--- Data supplied Enclosed Below ---

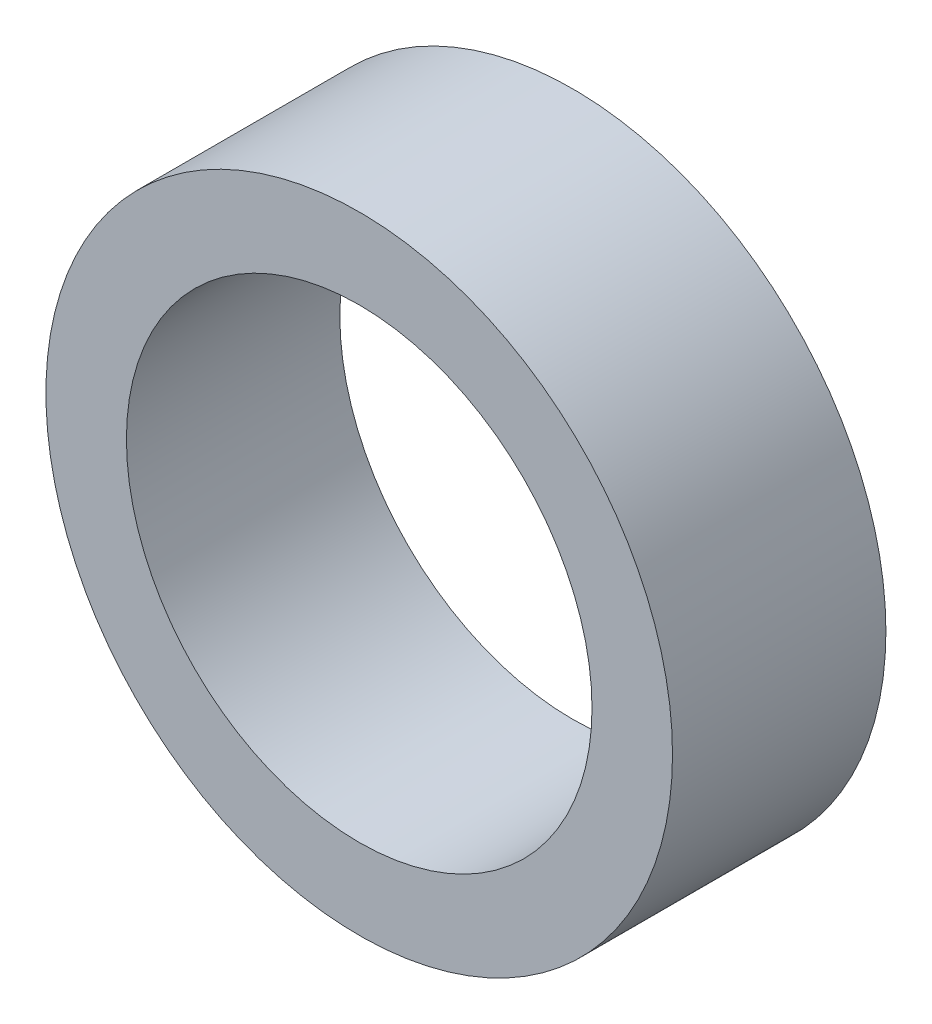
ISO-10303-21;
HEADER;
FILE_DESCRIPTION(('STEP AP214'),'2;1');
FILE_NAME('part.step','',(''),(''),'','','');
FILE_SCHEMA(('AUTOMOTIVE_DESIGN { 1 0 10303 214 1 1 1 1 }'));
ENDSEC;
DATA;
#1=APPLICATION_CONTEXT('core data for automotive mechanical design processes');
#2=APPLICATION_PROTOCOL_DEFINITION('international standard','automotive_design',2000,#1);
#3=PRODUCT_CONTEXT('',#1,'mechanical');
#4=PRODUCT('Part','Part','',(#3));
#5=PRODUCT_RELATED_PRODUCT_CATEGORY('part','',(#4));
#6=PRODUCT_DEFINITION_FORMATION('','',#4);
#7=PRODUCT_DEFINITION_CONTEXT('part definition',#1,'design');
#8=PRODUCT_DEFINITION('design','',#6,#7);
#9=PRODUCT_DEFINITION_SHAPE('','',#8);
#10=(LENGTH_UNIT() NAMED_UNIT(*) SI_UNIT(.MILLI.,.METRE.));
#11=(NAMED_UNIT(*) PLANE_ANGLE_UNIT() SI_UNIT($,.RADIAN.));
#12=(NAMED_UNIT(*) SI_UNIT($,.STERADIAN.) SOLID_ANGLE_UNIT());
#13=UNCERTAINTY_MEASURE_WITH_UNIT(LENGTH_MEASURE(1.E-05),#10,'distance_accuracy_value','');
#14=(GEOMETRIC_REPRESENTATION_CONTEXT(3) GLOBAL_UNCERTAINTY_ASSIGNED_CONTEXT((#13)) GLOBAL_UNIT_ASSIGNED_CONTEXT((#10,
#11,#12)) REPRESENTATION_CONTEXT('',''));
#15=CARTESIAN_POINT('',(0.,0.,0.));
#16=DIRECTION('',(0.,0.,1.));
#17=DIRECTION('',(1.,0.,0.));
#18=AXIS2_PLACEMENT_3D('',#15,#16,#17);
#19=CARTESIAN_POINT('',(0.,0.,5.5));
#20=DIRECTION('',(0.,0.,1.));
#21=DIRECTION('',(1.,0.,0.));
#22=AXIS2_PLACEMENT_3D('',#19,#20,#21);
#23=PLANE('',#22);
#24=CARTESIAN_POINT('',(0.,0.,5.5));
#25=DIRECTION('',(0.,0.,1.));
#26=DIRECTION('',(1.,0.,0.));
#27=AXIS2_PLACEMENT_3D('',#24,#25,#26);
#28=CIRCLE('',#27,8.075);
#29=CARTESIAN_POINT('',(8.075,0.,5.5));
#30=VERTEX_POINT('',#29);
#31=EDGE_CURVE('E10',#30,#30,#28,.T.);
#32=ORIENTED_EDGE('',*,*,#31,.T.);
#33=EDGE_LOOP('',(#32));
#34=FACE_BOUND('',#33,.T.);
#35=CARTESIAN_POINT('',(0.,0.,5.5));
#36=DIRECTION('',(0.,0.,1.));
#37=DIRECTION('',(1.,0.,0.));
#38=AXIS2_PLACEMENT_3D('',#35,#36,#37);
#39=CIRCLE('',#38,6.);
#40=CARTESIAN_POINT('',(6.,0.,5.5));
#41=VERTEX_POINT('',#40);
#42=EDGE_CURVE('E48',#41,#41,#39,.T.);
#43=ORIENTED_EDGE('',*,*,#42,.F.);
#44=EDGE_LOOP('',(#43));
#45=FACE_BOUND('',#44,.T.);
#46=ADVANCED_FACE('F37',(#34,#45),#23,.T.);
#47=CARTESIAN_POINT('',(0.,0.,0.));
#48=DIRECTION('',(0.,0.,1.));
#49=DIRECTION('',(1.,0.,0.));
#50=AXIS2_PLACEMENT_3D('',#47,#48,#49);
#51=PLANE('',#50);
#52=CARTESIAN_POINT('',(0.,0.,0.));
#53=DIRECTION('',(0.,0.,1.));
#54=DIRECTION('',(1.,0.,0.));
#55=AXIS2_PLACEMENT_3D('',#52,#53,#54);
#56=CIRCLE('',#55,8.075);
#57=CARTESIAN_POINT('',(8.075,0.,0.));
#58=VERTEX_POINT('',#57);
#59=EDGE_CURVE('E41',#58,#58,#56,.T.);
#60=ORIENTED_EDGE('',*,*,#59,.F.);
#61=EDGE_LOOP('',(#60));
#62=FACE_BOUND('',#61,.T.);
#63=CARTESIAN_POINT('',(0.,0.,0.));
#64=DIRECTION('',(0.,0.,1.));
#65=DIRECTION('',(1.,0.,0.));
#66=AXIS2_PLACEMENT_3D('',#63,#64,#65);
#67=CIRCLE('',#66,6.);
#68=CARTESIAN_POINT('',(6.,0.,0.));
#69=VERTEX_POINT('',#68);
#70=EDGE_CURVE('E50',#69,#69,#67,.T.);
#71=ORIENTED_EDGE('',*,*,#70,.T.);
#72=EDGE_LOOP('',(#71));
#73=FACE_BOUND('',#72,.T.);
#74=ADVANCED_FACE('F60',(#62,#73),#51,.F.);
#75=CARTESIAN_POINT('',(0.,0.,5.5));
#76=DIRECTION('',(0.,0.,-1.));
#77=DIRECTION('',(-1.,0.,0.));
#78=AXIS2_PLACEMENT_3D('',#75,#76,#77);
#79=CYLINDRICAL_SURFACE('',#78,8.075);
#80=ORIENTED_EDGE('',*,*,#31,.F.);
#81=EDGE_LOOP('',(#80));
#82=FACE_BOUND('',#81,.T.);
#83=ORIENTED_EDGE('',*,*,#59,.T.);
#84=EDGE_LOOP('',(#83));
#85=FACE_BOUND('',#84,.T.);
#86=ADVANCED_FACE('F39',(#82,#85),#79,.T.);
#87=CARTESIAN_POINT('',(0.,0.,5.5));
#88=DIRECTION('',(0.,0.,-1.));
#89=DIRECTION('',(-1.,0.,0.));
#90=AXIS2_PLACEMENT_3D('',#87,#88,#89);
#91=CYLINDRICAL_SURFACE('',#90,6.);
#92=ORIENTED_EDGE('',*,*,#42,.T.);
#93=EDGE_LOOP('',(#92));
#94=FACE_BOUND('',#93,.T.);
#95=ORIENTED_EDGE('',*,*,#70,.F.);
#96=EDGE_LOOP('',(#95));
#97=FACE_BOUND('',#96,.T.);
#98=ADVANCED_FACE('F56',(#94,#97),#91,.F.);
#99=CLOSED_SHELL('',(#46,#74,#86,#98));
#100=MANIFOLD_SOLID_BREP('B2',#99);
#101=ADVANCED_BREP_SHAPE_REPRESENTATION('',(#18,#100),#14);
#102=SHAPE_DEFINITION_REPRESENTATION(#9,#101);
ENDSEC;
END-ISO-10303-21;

--- End of Enclosed Data supplied ---

Copy the lines above exactly. Start with the line containing "#31=EDGE_CURVE('E10',#30,#30,#28,.T.);", end with the line containing "#50=AXIS2_PLACEMENT_3D('',#47,#48,#49);", and include both.

#31=EDGE_CURVE('E10',#30,#30,#28,.T.);
#32=ORIENTED_EDGE('',*,*,#31,.T.);
#33=EDGE_LOOP('',(#32));
#34=FACE_BOUND('',#33,.T.);
#35=CARTESIAN_POINT('',(0.,0.,5.5));
#36=DIRECTION('',(0.,0.,1.));
#37=DIRECTION('',(1.,0.,0.));
#38=AXIS2_PLACEMENT_3D('',#35,#36,#37);
#39=CIRCLE('',#38,6.);
#40=CARTESIAN_POINT('',(6.,0.,5.5));
#41=VERTEX_POINT('',#40);
#42=EDGE_CURVE('E48',#41,#41,#39,.T.);
#43=ORIENTED_EDGE('',*,*,#42,.F.);
#44=EDGE_LOOP('',(#43));
#45=FACE_BOUND('',#44,.T.);
#46=ADVANCED_FACE('F37',(#34,#45),#23,.T.);
#47=CARTESIAN_POINT('',(0.,0.,0.));
#48=DIRECTION('',(0.,0.,1.));
#49=DIRECTION('',(1.,0.,0.));
#50=AXIS2_PLACEMENT_3D('',#47,#48,#49);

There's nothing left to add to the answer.